Hoang Thi Minh Hong, the eldest sister at CHANGE, is well known for her honor of “Climate Hero” or “Hong Antarctica.” She was recently named one of the 50 most influential women in Vietnam in 2019, voted by Forbes magazine.

Ms. Hong is the founder of the Center for Hands-on Actions and Networking for Growth and Environment (CHANGE), a non-profit organization pioneering environmental movements in Vietnam. Here, she gathers “bold” young people with the same strong desire to protect the environment and wild animals. Ms. Hong’s and CHANGE’s activities have helped raise the community’s awareness of the surrounding environment and call on the community to join hands. One of her signature activities is the event “Earth Hour.”

The story of bringing “Earth Hour” to Vietnam

In 1997, Ms. Hoang Thi Minh Hong was the first Vietnamese to set foot in Antarctica along with an exploration crew of 35 people from 25 different countries. The trip changed her perception and mindset about the environment.

“If I’m lucky enough to set foot in Antarctica, I have to do something for this world.” The day she returned from Antarctica, the first thing she did to “repay” the world was deciding to quit her job and devoting herself to spreading environmental messages, such as global warming, ice melting, etc., to many other people. know better. “Every day, I go to work from morning to night and receive a salary, thinking why am I so useless to society?” – Ms. Hong shared.

In the following years, she struggled to find herself a stable job in the environmental field. Although people seemed to be interested in the story of Antarctica, yet when she called on the people to organize local environmental activities, it was not easy. At times, she became depressed.

In 2002, when Ms. Minh Hong worked for the World Wide Fund for Nature (WWF) in the Mekong region, she had the opportunity to learn and work on the practical environmental programs that she dreamed about. In the same year, she was honored to attend the World Summit on Sustainable Development in South Africa. The luggage she brought to this important conference was 10,000 signatures of the Vietnamese people sent to world leaders, recommending immediate action to protect the atmosphere.

In 2008, she persuaded the WWF leader in the Mekong region to bring Earth Hour to Vietnam (WWF launched in Australia in 2007). She hoped that Earth Hour would be a campaign that highlighted the meaningful and important message that everyone could do a small thing (like turning off a light bulb) to reduce the impact on the environment, reduce emissions, and combat climate change. The program has attracted the attention, support, and participation of 63 provinces and cities and many people from all social classes, becoming a prominent and pervasive activity throughout Vietnam. 

Hanoi was the first place chosen to launch Earth Hour. Although the event was initially held at the Hanoi Opera House within a small budget, the impact was enormous. The discourse about the environment began to be formed. A year later, Ms. Hong continued to help WWF organize Earth Hour at the Opera House. Still, that time, it was in Ho Chi Minh City with the participation of thousands of young people and dozens of large and small businesses.

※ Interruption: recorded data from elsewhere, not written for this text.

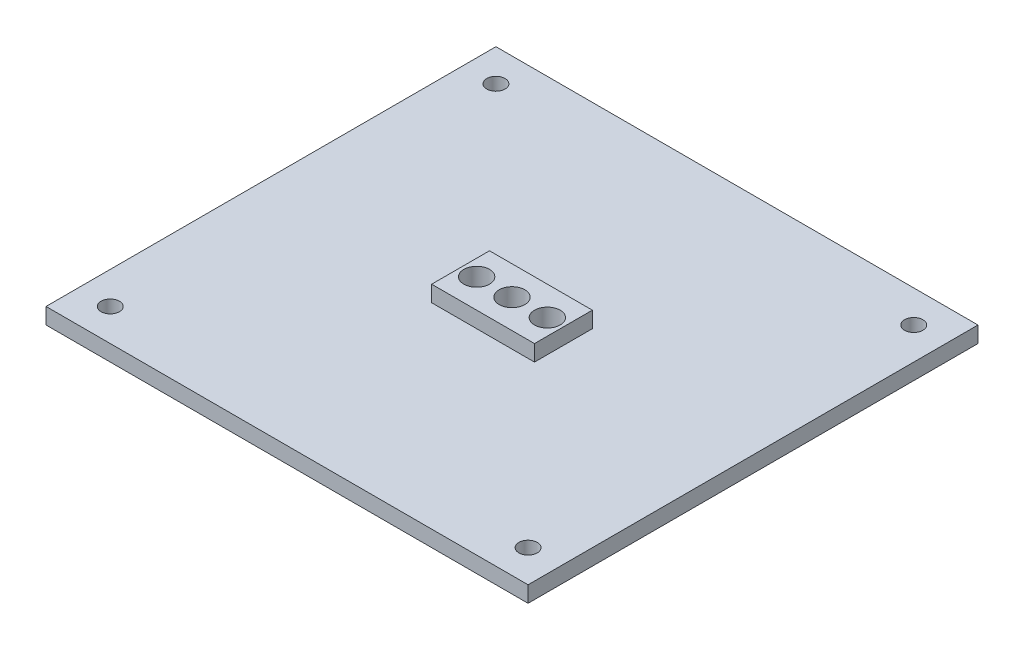
ISO-10303-21;
HEADER;
FILE_DESCRIPTION(('STEP AP214'),'2;1');
FILE_NAME('part.step','',(''),(''),'','','');
FILE_SCHEMA(('AUTOMOTIVE_DESIGN { 1 0 10303 214 1 1 1 1 }'));
ENDSEC;
DATA;
#1=APPLICATION_CONTEXT('core data for automotive mechanical design processes');
#2=APPLICATION_PROTOCOL_DEFINITION('international standard','automotive_design',2000,#1);
#3=PRODUCT_CONTEXT('',#1,'mechanical');
#4=PRODUCT('Part','Part','',(#3));
#5=PRODUCT_RELATED_PRODUCT_CATEGORY('part','',(#4));
#6=PRODUCT_DEFINITION_FORMATION('','',#4);
#7=PRODUCT_DEFINITION_CONTEXT('part definition',#1,'design');
#8=PRODUCT_DEFINITION('design','',#6,#7);
#9=PRODUCT_DEFINITION_SHAPE('','',#8);
#10=(LENGTH_UNIT() NAMED_UNIT(*) SI_UNIT(.MILLI.,.METRE.));
#11=(NAMED_UNIT(*) PLANE_ANGLE_UNIT() SI_UNIT($,.RADIAN.));
#12=(NAMED_UNIT(*) SI_UNIT($,.STERADIAN.) SOLID_ANGLE_UNIT());
#13=UNCERTAINTY_MEASURE_WITH_UNIT(LENGTH_MEASURE(1.E-05),#10,'distance_accuracy_value','');
#14=(GEOMETRIC_REPRESENTATION_CONTEXT(3) GLOBAL_UNCERTAINTY_ASSIGNED_CONTEXT((#13)) GLOBAL_UNIT_ASSIGNED_CONTEXT((#10,
#11,#12)) REPRESENTATION_CONTEXT('',''));
#15=CARTESIAN_POINT('',(0.,0.,0.));
#16=DIRECTION('',(0.,0.,1.));
#17=DIRECTION('',(1.,0.,0.));
#18=AXIS2_PLACEMENT_3D('',#15,#16,#17);
#19=CARTESIAN_POINT('',(0.,5.,0.));
#20=DIRECTION('',(0.,-1.,0.));
#21=DIRECTION('',(0.,0.,-1.));
#22=AXIS2_PLACEMENT_3D('',#19,#20,#21);
#23=PLANE('',#22);
#24=CARTESIAN_POINT('',(-65.5459975016604,5.,11.5427570870634));
#25=DIRECTION('',(0.,1.,0.));
#26=DIRECTION('',(0.,0.,1.));
#27=AXIS2_PLACEMENT_3D('',#24,#25,#26);
#28=CIRCLE('',#27,2.85);
#29=CARTESIAN_POINT('',(-65.5459975016604,5.,14.3927570870634));
#30=VERTEX_POINT('',#29);
#31=EDGE_CURVE('E248',#30,#30,#28,.T.);
#32=ORIENTED_EDGE('',*,*,#31,.F.);
#33=EDGE_LOOP('',(#32));
#34=FACE_BOUND('',#33,.T.);
#35=CARTESIAN_POINT('',(64.4540024983396,5.,11.5427570870634));
#36=DIRECTION('',(0.,1.,0.));
#37=DIRECTION('',(0.,0.,1.));
#38=AXIS2_PLACEMENT_3D('',#35,#36,#37);
#39=CIRCLE('',#38,2.85);
#40=CARTESIAN_POINT('',(64.4540024983396,5.,14.3927570870634));
#41=VERTEX_POINT('',#40);
#42=EDGE_CURVE('E254',#41,#41,#39,.T.);
#43=ORIENTED_EDGE('',*,*,#42,.F.);
#44=EDGE_LOOP('',(#43));
#45=FACE_BOUND('',#44,.T.);
#46=CARTESIAN_POINT('',(64.4540024983396,5.,-108.457242912937));
#47=DIRECTION('',(0.,1.,0.));
#48=DIRECTION('',(0.,0.,1.));
#49=AXIS2_PLACEMENT_3D('',#46,#47,#48);
#50=CIRCLE('',#49,2.85);
#51=CARTESIAN_POINT('',(64.4540024983396,5.,-105.607242912937));
#52=VERTEX_POINT('',#51);
#53=EDGE_CURVE('E260',#52,#52,#50,.T.);
#54=ORIENTED_EDGE('',*,*,#53,.F.);
#55=EDGE_LOOP('',(#54));
#56=FACE_BOUND('',#55,.T.);
#57=CARTESIAN_POINT('',(-65.5459975016604,5.,-108.457242912937));
#58=DIRECTION('',(0.,1.,0.));
#59=DIRECTION('',(0.,0.,1.));
#60=AXIS2_PLACEMENT_3D('',#57,#58,#59);
#61=CIRCLE('',#60,2.85);
#62=CARTESIAN_POINT('',(-65.5459975016604,5.,-105.607242912937));
#63=VERTEX_POINT('',#62);
#64=EDGE_CURVE('E269',#63,#63,#61,.T.);
#65=ORIENTED_EDGE('',*,*,#64,.F.);
#66=EDGE_LOOP('',(#65));
#67=FACE_BOUND('',#66,.T.);
#68=DIRECTION('',(-1.,0.,0.));
#69=VECTOR('',#68,1.);
#70=CARTESIAN_POINT('',(-75.5459975016604,5.,-118.457242912937));
#71=LINE('',#70,#69);
#72=CARTESIAN_POINT('',(74.4540024983396,5.,-118.457242912937));
#73=VERTEX_POINT('',#72);
#74=CARTESIAN_POINT('',(-75.5459975016604,5.,-118.457242912937));
#75=VERTEX_POINT('',#74);
#76=EDGE_CURVE('E275',#73,#75,#71,.T.);
#77=ORIENTED_EDGE('',*,*,#76,.T.);
#78=DIRECTION('',(0.,0.,1.));
#79=VECTOR('',#78,1.);
#80=CARTESIAN_POINT('',(-75.5459975016604,5.,-118.457242912937));
#81=LINE('',#80,#79);
#82=CARTESIAN_POINT('',(-75.5459975016604,5.,21.5427570870634));
#83=VERTEX_POINT('',#82);
#84=EDGE_CURVE('E278',#75,#83,#81,.T.);
#85=ORIENTED_EDGE('',*,*,#84,.T.);
#86=DIRECTION('',(1.,0.,0.));
#87=VECTOR('',#86,1.);
#88=CARTESIAN_POINT('',(-75.5459975016604,5.,21.5427570870634));
#89=LINE('',#88,#87);
#90=CARTESIAN_POINT('',(74.4540024983396,5.,21.5427570870634));
#91=VERTEX_POINT('',#90);
#92=EDGE_CURVE('E281',#83,#91,#89,.T.);
#93=ORIENTED_EDGE('',*,*,#92,.T.);
#94=DIRECTION('',(0.,0.,-1.));
#95=VECTOR('',#94,1.);
#96=CARTESIAN_POINT('',(74.4540024983396,5.,-118.457242912937));
#97=LINE('',#96,#95);
#98=EDGE_CURVE('E283',#91,#73,#97,.T.);
#99=ORIENTED_EDGE('',*,*,#98,.T.);
#100=EDGE_LOOP('',(#77,#85,#93,#99));
#101=FACE_BOUND('',#100,.T.);
#102=DIRECTION('',(0.,0.,-1.));
#103=VECTOR('',#102,1.);
#104=CARTESIAN_POINT('',(15.4540024983396,5.,0.));
#105=LINE('',#104,#103);
#106=CARTESIAN_POINT('',(15.4540024983396,5.,-39.4572429129366));
#107=VERTEX_POINT('',#106);
#108=CARTESIAN_POINT('',(15.4540024983396,5.,-57.4572429129366));
#109=VERTEX_POINT('',#108);
#110=EDGE_CURVE('E165',#107,#109,#105,.T.);
#111=ORIENTED_EDGE('',*,*,#110,.F.);
#112=DIRECTION('',(1.,0.,0.));
#113=VECTOR('',#112,1.);
#114=CARTESIAN_POINT('',(0.,5.,-39.4572429129366));
#115=LINE('',#114,#113);
#116=CARTESIAN_POINT('',(-16.5459975016604,5.,-39.4572429129366));
#117=VERTEX_POINT('',#116);
#118=EDGE_CURVE('E169',#117,#107,#115,.T.);
#119=ORIENTED_EDGE('',*,*,#118,.F.);
#120=DIRECTION('',(0.,0.,1.));
#121=VECTOR('',#120,1.);
#122=CARTESIAN_POINT('',(-16.5459975016604,5.,0.));
#123=LINE('',#122,#121);
#124=CARTESIAN_POINT('',(-16.5459975016604,5.,-57.4572429129367));
#125=VERTEX_POINT('',#124);
#126=EDGE_CURVE('E382',#125,#117,#123,.T.);
#127=ORIENTED_EDGE('',*,*,#126,.F.);
#128=DIRECTION('',(-1.,0.,0.));
#129=VECTOR('',#128,1.);
#130=CARTESIAN_POINT('',(1.24590535182466E-13,5.,-57.4572429129366));
#131=LINE('',#130,#129);
#132=EDGE_CURVE('E380',#109,#125,#131,.T.);
#133=ORIENTED_EDGE('',*,*,#132,.F.);
#134=EDGE_LOOP('',(#111,#119,#127,#133));
#135=FACE_BOUND('',#134,.T.);
#136=ADVANCED_FACE('F150',(#34,#45,#56,#67,#101,#135),#23,.F.);
#137=CARTESIAN_POINT('',(0.,0.,0.));
#138=DIRECTION('',(0.,-1.,0.));
#139=DIRECTION('',(0.,0.,-1.));
#140=AXIS2_PLACEMENT_3D('',#137,#138,#139);
#141=PLANE('',#140);
#142=CARTESIAN_POINT('',(10.4540024983396,0.,-48.4572429129366));
#143=DIRECTION('',(0.,1.,0.));
#144=DIRECTION('',(0.,0.,1.));
#145=AXIS2_PLACEMENT_3D('',#142,#143,#144);
#146=CIRCLE('',#145,4.);
#147=CARTESIAN_POINT('',(10.4540024983396,0.,-44.4572429129366));
#148=VERTEX_POINT('',#147);
#149=EDGE_CURVE('E239',#148,#148,#146,.T.);
#150=ORIENTED_EDGE('',*,*,#149,.T.);
#151=EDGE_LOOP('',(#150));
#152=FACE_BOUND('',#151,.T.);
#153=CARTESIAN_POINT('',(64.4540024983396,0.,11.5427570870634));
#154=DIRECTION('',(0.,1.,0.));
#155=DIRECTION('',(0.,0.,1.));
#156=AXIS2_PLACEMENT_3D('',#153,#154,#155);
#157=CIRCLE('',#156,2.85);
#158=CARTESIAN_POINT('',(64.4540024983396,0.,14.3927570870634));
#159=VERTEX_POINT('',#158);
#160=EDGE_CURVE('E251',#159,#159,#157,.T.);
#161=ORIENTED_EDGE('',*,*,#160,.T.);
#162=EDGE_LOOP('',(#161));
#163=FACE_BOUND('',#162,.T.);
#164=CARTESIAN_POINT('',(-0.545997501660393,0.,-48.4572429129366));
#165=DIRECTION('',(0.,1.,0.));
#166=DIRECTION('',(0.,0.,1.));
#167=AXIS2_PLACEMENT_3D('',#164,#165,#166);
#168=CIRCLE('',#167,4.);
#169=CARTESIAN_POINT('',(-0.545997501660393,0.,-44.4572429129366));
#170=VERTEX_POINT('',#169);
#171=EDGE_CURVE('E263',#170,#170,#168,.T.);
#172=ORIENTED_EDGE('',*,*,#171,.T.);
#173=EDGE_LOOP('',(#172));
#174=FACE_BOUND('',#173,.T.);
#175=DIRECTION('',(-1.,0.,0.));
#176=VECTOR('',#175,1.);
#177=CARTESIAN_POINT('',(-75.5459975016604,0.,-118.457242912937));
#178=LINE('',#177,#176);
#179=CARTESIAN_POINT('',(74.4540024983396,0.,-118.457242912937));
#180=VERTEX_POINT('',#179);
#181=CARTESIAN_POINT('',(-75.5459975016604,0.,-118.457242912937));
#182=VERTEX_POINT('',#181);
#183=EDGE_CURVE('E272',#180,#182,#178,.T.);
#184=ORIENTED_EDGE('',*,*,#183,.F.);
#185=DIRECTION('',(0.,0.,-1.));
#186=VECTOR('',#185,1.);
#187=CARTESIAN_POINT('',(74.4540024983396,0.,-118.457242912937));
#188=LINE('',#187,#186);
#189=CARTESIAN_POINT('',(74.4540024983396,0.,21.5427570870634));
#190=VERTEX_POINT('',#189);
#191=EDGE_CURVE('E279',#190,#180,#188,.T.);
#192=ORIENTED_EDGE('',*,*,#191,.F.);
#193=DIRECTION('',(1.,0.,0.));
#194=VECTOR('',#193,1.);
#195=CARTESIAN_POINT('',(-75.5459975016604,0.,21.5427570870634));
#196=LINE('',#195,#194);
#197=CARTESIAN_POINT('',(-75.5459975016604,0.,21.5427570870634));
#198=VERTEX_POINT('',#197);
#199=EDGE_CURVE('E290',#198,#190,#196,.T.);
#200=ORIENTED_EDGE('',*,*,#199,.F.);
#201=DIRECTION('',(0.,0.,1.));
#202=VECTOR('',#201,1.);
#203=CARTESIAN_POINT('',(-75.5459975016604,0.,-118.457242912937));
#204=LINE('',#203,#202);
#205=EDGE_CURVE('E288',#182,#198,#204,.T.);
#206=ORIENTED_EDGE('',*,*,#205,.F.);
#207=EDGE_LOOP('',(#184,#192,#200,#206));
#208=FACE_BOUND('',#207,.T.);
#209=CARTESIAN_POINT('',(-65.5459975016604,0.,-108.457242912937));
#210=DIRECTION('',(0.,1.,0.));
#211=DIRECTION('',(0.,0.,1.));
#212=AXIS2_PLACEMENT_3D('',#209,#210,#211);
#213=CIRCLE('',#212,2.85);
#214=CARTESIAN_POINT('',(-65.5459975016604,0.,-105.607242912937));
#215=VERTEX_POINT('',#214);
#216=EDGE_CURVE('E268',#215,#215,#213,.T.);
#217=ORIENTED_EDGE('',*,*,#216,.T.);
#218=EDGE_LOOP('',(#217));
#219=FACE_BOUND('',#218,.T.);
#220=CARTESIAN_POINT('',(64.4540024983396,0.,-108.457242912937));
#221=DIRECTION('',(0.,1.,0.));
#222=DIRECTION('',(0.,0.,1.));
#223=AXIS2_PLACEMENT_3D('',#220,#221,#222);
#224=CIRCLE('',#223,2.85);
#225=CARTESIAN_POINT('',(64.4540024983396,0.,-105.607242912937));
#226=VERTEX_POINT('',#225);
#227=EDGE_CURVE('E257',#226,#226,#224,.T.);
#228=ORIENTED_EDGE('',*,*,#227,.T.);
#229=EDGE_LOOP('',(#228));
#230=FACE_BOUND('',#229,.T.);
#231=CARTESIAN_POINT('',(-65.5459975016604,0.,11.5427570870634));
#232=DIRECTION('',(0.,1.,0.));
#233=DIRECTION('',(0.,0.,1.));
#234=AXIS2_PLACEMENT_3D('',#231,#232,#233);
#235=CIRCLE('',#234,2.85);
#236=CARTESIAN_POINT('',(-65.5459975016604,0.,14.3927570870634));
#237=VERTEX_POINT('',#236);
#238=EDGE_CURVE('E247',#237,#237,#235,.T.);
#239=ORIENTED_EDGE('',*,*,#238,.T.);
#240=EDGE_LOOP('',(#239));
#241=FACE_BOUND('',#240,.T.);
#242=CARTESIAN_POINT('',(-11.5459975016604,0.,-48.4572429129366));
#243=DIRECTION('',(0.,1.,0.));
#244=DIRECTION('',(0.,0.,1.));
#245=AXIS2_PLACEMENT_3D('',#242,#243,#244);
#246=CIRCLE('',#245,4.);
#247=CARTESIAN_POINT('',(-11.5459975016604,0.,-44.4572429129366));
#248=VERTEX_POINT('',#247);
#249=EDGE_CURVE('E236',#248,#248,#246,.T.);
#250=ORIENTED_EDGE('',*,*,#249,.T.);
#251=EDGE_LOOP('',(#250));
#252=FACE_BOUND('',#251,.T.);
#253=ADVANCED_FACE('F308',(#152,#163,#174,#208,#219,#230,#241,#252),#141,.T.);
#254=CARTESIAN_POINT('',(-75.5459975016604,5.,-118.457242912937));
#255=DIRECTION('',(0.,0.,1.));
#256=DIRECTION('',(1.,0.,0.));
#257=AXIS2_PLACEMENT_3D('',#254,#255,#256);
#258=PLANE('',#257);
#259=ORIENTED_EDGE('',*,*,#183,.T.);
#260=DIRECTION('',(0.,-1.,0.));
#261=VECTOR('',#260,1.);
#262=CARTESIAN_POINT('',(-75.5459975016604,5.,-118.457242912937));
#263=LINE('',#262,#261);
#264=EDGE_CURVE('E12',#75,#182,#263,.T.);
#265=ORIENTED_EDGE('',*,*,#264,.F.);
#266=ORIENTED_EDGE('',*,*,#76,.F.);
#267=DIRECTION('',(0.,-1.,0.));
#268=VECTOR('',#267,1.);
#269=CARTESIAN_POINT('',(74.4540024983396,5.,-118.457242912937));
#270=LINE('',#269,#268);
#271=EDGE_CURVE('E285',#73,#180,#270,.T.);
#272=ORIENTED_EDGE('',*,*,#271,.T.);
#273=EDGE_LOOP('',(#259,#265,#266,#272));
#274=FACE_BOUND('',#273,.T.);
#275=ADVANCED_FACE('F152',(#274),#258,.F.);
#276=CARTESIAN_POINT('',(-75.5459975016604,5.,-118.457242912937));
#277=DIRECTION('',(1.,0.,0.));
#278=DIRECTION('',(0.,0.,-1.));
#279=AXIS2_PLACEMENT_3D('',#276,#277,#278);
#280=PLANE('',#279);
#281=ORIENTED_EDGE('',*,*,#205,.T.);
#282=DIRECTION('',(0.,-1.,0.));
#283=VECTOR('',#282,1.);
#284=CARTESIAN_POINT('',(-75.5459975016604,5.,21.5427570870634));
#285=LINE('',#284,#283);
#286=EDGE_CURVE('E158',#83,#198,#285,.T.);
#287=ORIENTED_EDGE('',*,*,#286,.F.);
#288=ORIENTED_EDGE('',*,*,#84,.F.);
#289=ORIENTED_EDGE('',*,*,#264,.T.);
#290=EDGE_LOOP('',(#281,#287,#288,#289));
#291=FACE_BOUND('',#290,.T.);
#292=ADVANCED_FACE('F318',(#291),#280,.F.);
#293=CARTESIAN_POINT('',(-75.5459975016604,5.,21.5427570870634));
#294=DIRECTION('',(0.,0.,-1.));
#295=DIRECTION('',(-1.,0.,0.));
#296=AXIS2_PLACEMENT_3D('',#293,#294,#295);
#297=PLANE('',#296);
#298=ORIENTED_EDGE('',*,*,#199,.T.);
#299=DIRECTION('',(0.,-1.,0.));
#300=VECTOR('',#299,1.);
#301=CARTESIAN_POINT('',(74.4540024983396,5.,21.5427570870634));
#302=LINE('',#301,#300);
#303=EDGE_CURVE('E295',#91,#190,#302,.T.);
#304=ORIENTED_EDGE('',*,*,#303,.F.);
#305=ORIENTED_EDGE('',*,*,#92,.F.);
#306=ORIENTED_EDGE('',*,*,#286,.T.);
#307=EDGE_LOOP('',(#298,#304,#305,#306));
#308=FACE_BOUND('',#307,.T.);
#309=ADVANCED_FACE('F302',(#308),#297,.F.);
#310=CARTESIAN_POINT('',(74.4540024983396,5.,-118.457242912937));
#311=DIRECTION('',(-1.,0.,0.));
#312=DIRECTION('',(0.,0.,1.));
#313=AXIS2_PLACEMENT_3D('',#310,#311,#312);
#314=PLANE('',#313);
#315=ORIENTED_EDGE('',*,*,#191,.T.);
#316=ORIENTED_EDGE('',*,*,#271,.F.);
#317=ORIENTED_EDGE('',*,*,#98,.F.);
#318=ORIENTED_EDGE('',*,*,#303,.T.);
#319=EDGE_LOOP('',(#315,#316,#317,#318));
#320=FACE_BOUND('',#319,.T.);
#321=ADVANCED_FACE('F312',(#320),#314,.F.);
#322=CARTESIAN_POINT('',(-65.5459975016604,5.,-108.457242912937));
#323=DIRECTION('',(0.,-1.,0.));
#324=DIRECTION('',(0.,0.,-1.));
#325=AXIS2_PLACEMENT_3D('',#322,#323,#324);
#326=CYLINDRICAL_SURFACE('',#325,2.85);
#327=ORIENTED_EDGE('',*,*,#64,.T.);
#328=EDGE_LOOP('',(#327));
#329=FACE_BOUND('',#328,.T.);
#330=ORIENTED_EDGE('',*,*,#216,.F.);
#331=EDGE_LOOP('',(#330));
#332=FACE_BOUND('',#331,.T.);
#333=ADVANCED_FACE('F336',(#329,#332),#326,.F.);
#334=CARTESIAN_POINT('',(-0.545997501660393,5.,-48.4572429129366));
#335=DIRECTION('',(0.,-1.,0.));
#336=DIRECTION('',(0.,0.,-1.));
#337=AXIS2_PLACEMENT_3D('',#334,#335,#336);
#338=CYLINDRICAL_SURFACE('',#337,4.);
#339=ORIENTED_EDGE('',*,*,#171,.F.);
#340=EDGE_LOOP('',(#339));
#341=FACE_BOUND('',#340,.T.);
#342=CARTESIAN_POINT('',(-0.545997501660393,10.,-48.4572429129366));
#343=DIRECTION('',(0.,1.,0.));
#344=DIRECTION('',(0.,0.,1.));
#345=AXIS2_PLACEMENT_3D('',#342,#343,#344);
#346=CIRCLE('',#345,4.);
#347=CARTESIAN_POINT('',(-0.545997501660393,10.,-44.4572429129366));
#348=VERTEX_POINT('',#347);
#349=EDGE_CURVE('E369',#348,#348,#346,.F.);
#350=ORIENTED_EDGE('',*,*,#349,.F.);
#351=EDGE_LOOP('',(#350));
#352=FACE_BOUND('',#351,.T.);
#353=ADVANCED_FACE('F343',(#341,#352),#338,.F.);
#354=CARTESIAN_POINT('',(64.4540024983396,5.,-108.457242912937));
#355=DIRECTION('',(0.,-1.,0.));
#356=DIRECTION('',(0.,0.,-1.));
#357=AXIS2_PLACEMENT_3D('',#354,#355,#356);
#358=CYLINDRICAL_SURFACE('',#357,2.85);
#359=ORIENTED_EDGE('',*,*,#53,.T.);
#360=EDGE_LOOP('',(#359));
#361=FACE_BOUND('',#360,.T.);
#362=ORIENTED_EDGE('',*,*,#227,.F.);
#363=EDGE_LOOP('',(#362));
#364=FACE_BOUND('',#363,.T.);
#365=ADVANCED_FACE('F348',(#361,#364),#358,.F.);
#366=CARTESIAN_POINT('',(64.4540024983396,5.,11.5427570870634));
#367=DIRECTION('',(0.,-1.,0.));
#368=DIRECTION('',(0.,0.,-1.));
#369=AXIS2_PLACEMENT_3D('',#366,#367,#368);
#370=CYLINDRICAL_SURFACE('',#369,2.85);
#371=ORIENTED_EDGE('',*,*,#42,.T.);
#372=EDGE_LOOP('',(#371));
#373=FACE_BOUND('',#372,.T.);
#374=ORIENTED_EDGE('',*,*,#160,.F.);
#375=EDGE_LOOP('',(#374));
#376=FACE_BOUND('',#375,.T.);
#377=ADVANCED_FACE('F409',(#373,#376),#370,.F.);
#378=CARTESIAN_POINT('',(-65.5459975016604,5.,11.5427570870634));
#379=DIRECTION('',(0.,-1.,0.));
#380=DIRECTION('',(0.,0.,-1.));
#381=AXIS2_PLACEMENT_3D('',#378,#379,#380);
#382=CYLINDRICAL_SURFACE('',#381,2.85);
#383=ORIENTED_EDGE('',*,*,#31,.T.);
#384=EDGE_LOOP('',(#383));
#385=FACE_BOUND('',#384,.T.);
#386=ORIENTED_EDGE('',*,*,#238,.F.);
#387=EDGE_LOOP('',(#386));
#388=FACE_BOUND('',#387,.T.);
#389=ADVANCED_FACE('F405',(#385,#388),#382,.F.);
#390=CARTESIAN_POINT('',(10.4540024983396,5.,-48.4572429129366));
#391=DIRECTION('',(0.,-1.,0.));
#392=DIRECTION('',(0.,0.,-1.));
#393=AXIS2_PLACEMENT_3D('',#390,#391,#392);
#394=CYLINDRICAL_SURFACE('',#393,4.);
#395=ORIENTED_EDGE('',*,*,#149,.F.);
#396=EDGE_LOOP('',(#395));
#397=FACE_BOUND('',#396,.T.);
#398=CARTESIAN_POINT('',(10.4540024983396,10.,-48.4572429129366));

In particular, in 2012, she and a group of young people organized “Earth Hour with a Difference” in Ho Chi Minh City; by replacing all burning candles with LED candles, using coir mats for the stage backdrop, and solar energy for electrical and audio systems.

Up to now, Earth Hour has become one of the annual large-scale environmental events, receiving enormous support from people across the country.

Being honored as one of the 50 most influential women in Vietnam in 2019

CHANGE in Vietnamese means “su thay doi” (making differences). Hong likes this word very much. Change is the core of every social development process and humans’ ability to achieve a better life. She founded CHANGE with the mission of promoting community awareness about the environment among young people. With her contributions, at the 2015 United Nations Conference on Climate Change held in Paris – France, she was recognized as a Climate Hero by Climateheroes.org.

In September 2018, Ms. Hong became one of 12 outstanding civic leaders in the world selected to participate in the first 9-month Obama Foundation Scholars Program at Columbia University (USA). Only Ms. Minh Hong worked in the field of environmental protection.

On March 4, 2019, Forbes Vietnam, the leading prestigious business magazine in Vietnam, announced the 50 most influential women in Vietnam 2019. It was the second time Forbes Vietnam announced the list. The list included prominent figures in politics, business, science education, social activism, media, arts, creativity, and sports. Ms. Hoang Thi Minh Hong was honored in the field of social activities.